Perhaps we should document that longjmp should be avoided in error handlers and that its use might leave Z3 in an unspecified state? Then we could change the C API example to not use longjmp.

[NikolajBjorner]

Thanks, I have to say it makes sense. There are other places that are broken wrt longjump. Other APIs use the error codes. Documentation has not yet been updated.

[delcypher]

@NikolajBjorner Thanks for the fixes. The memory leaks are all gone now :)
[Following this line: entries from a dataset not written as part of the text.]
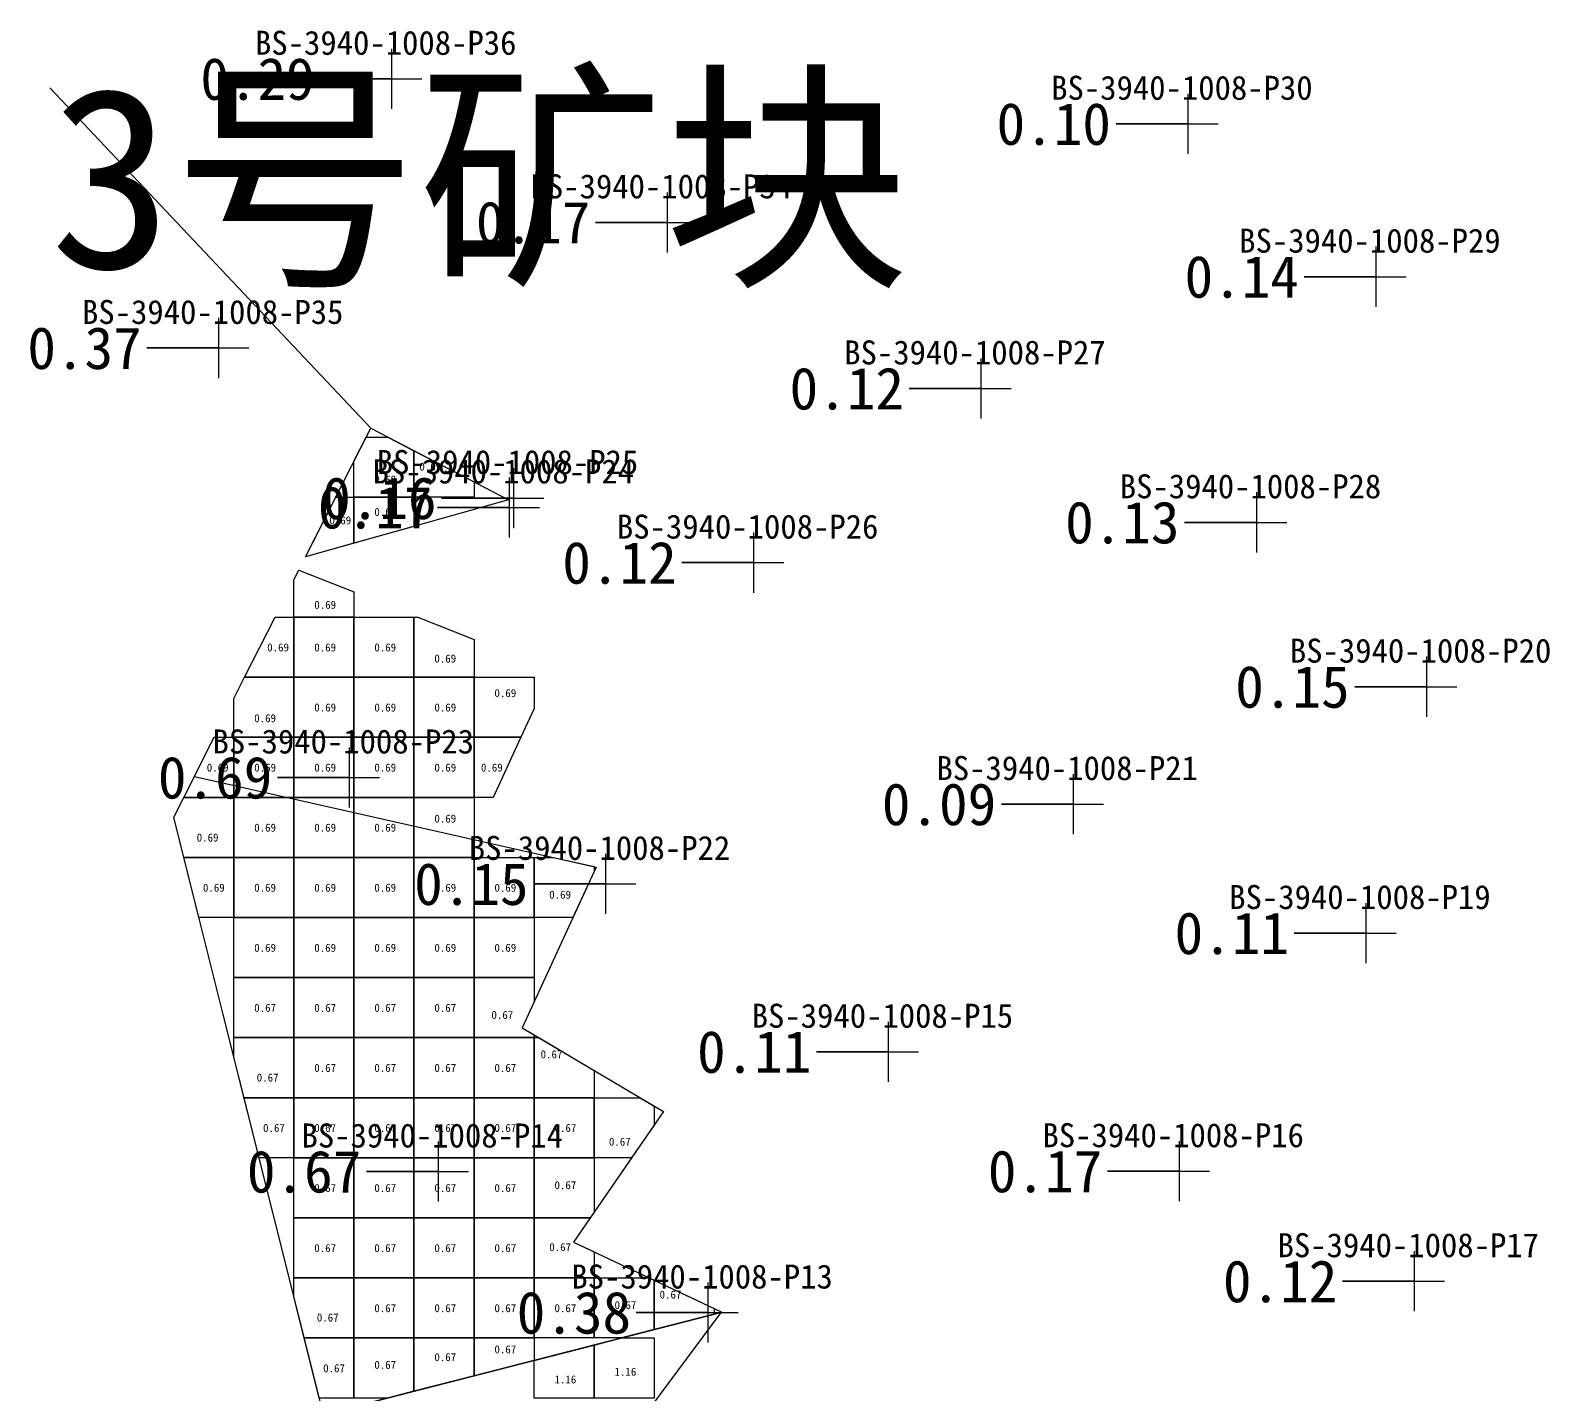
# Model space of a CAD drawing. Header units: metres. Extents: x 470001 to 470177, y 4349638 to 4349825.
# Drawn here: x 470088.92 to 470114.21, y 4349756.76 to 4349779.47 of the extents above; entities that cross this region are included whole.
import ezdxf

# ---------------------------------------------------------------- set-up
doc = ezdxf.new("R2010")
doc.units = ezdxf.units.M
for name, color, linetype in [('0.500-1.000', 4, 'Continuous'), ('1.000-1.500', 5, 'Continuous'), ('点', 7, 'Continuous'), ('爆区方格网', 7, 'Continuous'), ('钻孔', 7, 'Continuous')]:
    doc.layers.add(name, color=color, linetype=linetype)
doc.styles.add('CN_TTF', font='simsunb.ttf')

msp = doc.modelspace()

# ---------------------------------------------------------------- linework, layer by layer
at = {"color": 7}
msp.add_line((470094.583, 4349772.852), (470089.241, 4349778.517), dxfattribs=at)
at = {"layer": '0.500-1.000', "color": 4, "lineweight": 30}
for points in [[(470096.878, 4349771.657), (470093.5, 4349770.711), (470093.627, 4349770.962), (470093.936, 4349771.574), (470094.583, 4349772.852), (470096.878, 4349771.657)], [(470091.648, 4349767.055), (470098.338, 4349765.544), (470097.105, 4349762.87), (470099.46, 4349761.473), (470097.959, 4349759.302), (470100.421, 4349758.14), (470100.413, 4349758.129), (470093.795, 4349756.433), (470092.121, 4349763.112), (470091.304, 4349766.375), (470091.648, 4349767.055)]]:
    msp.add_lwpolyline(points, close=True, dxfattribs=at)
at = {"layer": '1.000-1.500', "color": 5, "lineweight": 30}
msp.add_lwpolyline([(470093.795, 4349756.433), (470100.413, 4349758.129), (470098.812, 4349755.969)], dxfattribs=at)
at = {"layer": '点', "color": 138, "true_color": 0x004c4c}
for p, q in [((470094.937, 4349778.168), (470094.937, 4349779.168)), ((470094.437, 4349778.668), (470095.437, 4349778.668)), ((470108.195, 4349777.419), (470108.195, 4349778.419)), ((470107.695, 4349777.919), (470108.695, 4349777.919)), ((470099.526, 4349775.778), (470099.526, 4349776.778)), ((470099.026, 4349776.278), (470100.026, 4349776.278)), ((470111.326, 4349774.874), (470111.326, 4349775.874)), ((470110.826, 4349775.374), (470111.826, 4349775.374)), ((470092.056, 4349773.687), (470092.056, 4349774.687)), ((470091.556, 4349774.187), (470092.556, 4349774.187)), ((470104.749, 4349773.013), (470104.749, 4349774.013)), ((470104.249, 4349773.513), (470105.249, 4349773.513)), ((470096.965, 4349771.188), (470096.965, 4349772.188)), ((470096.895, 4349771.032), (470096.895, 4349772.032)), ((470096.465, 4349771.688), (470097.465, 4349771.688)), ((470109.337, 4349770.784), (470109.337, 4349771.784)), ((470096.395, 4349771.532), (470097.395, 4349771.532)), ((470108.837, 4349771.284), (470109.837, 4349771.284)), ((470100.964, 4349770.113), (470100.964, 4349771.113)), ((470100.464, 4349770.613), (470101.464, 4349770.613)), ((470112.17, 4349768.048), (470112.17, 4349769.048)), ((470111.67, 4349768.548), (470112.67, 4349768.548)), ((470094.23, 4349766.536), (470094.23, 4349767.536)), ((470093.73, 4349767.036), (470094.73, 4349767.036)), ((470106.285, 4349766.093), (470106.285, 4349767.093)), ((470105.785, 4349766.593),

Would you like me to submit a PR to update Z3's documentation?

[NikolajBjorner]

I would say you can hold off for now: I am not sure what is appropriate for the documentation and it may be a fringe thing given that the C-API really should not be used in mainstream.
I will be trying to harden the API so that it works also with longjumps. The test_capi example could now use longjumps as it is, except that it may not be advisable as other bugs may be uncovered.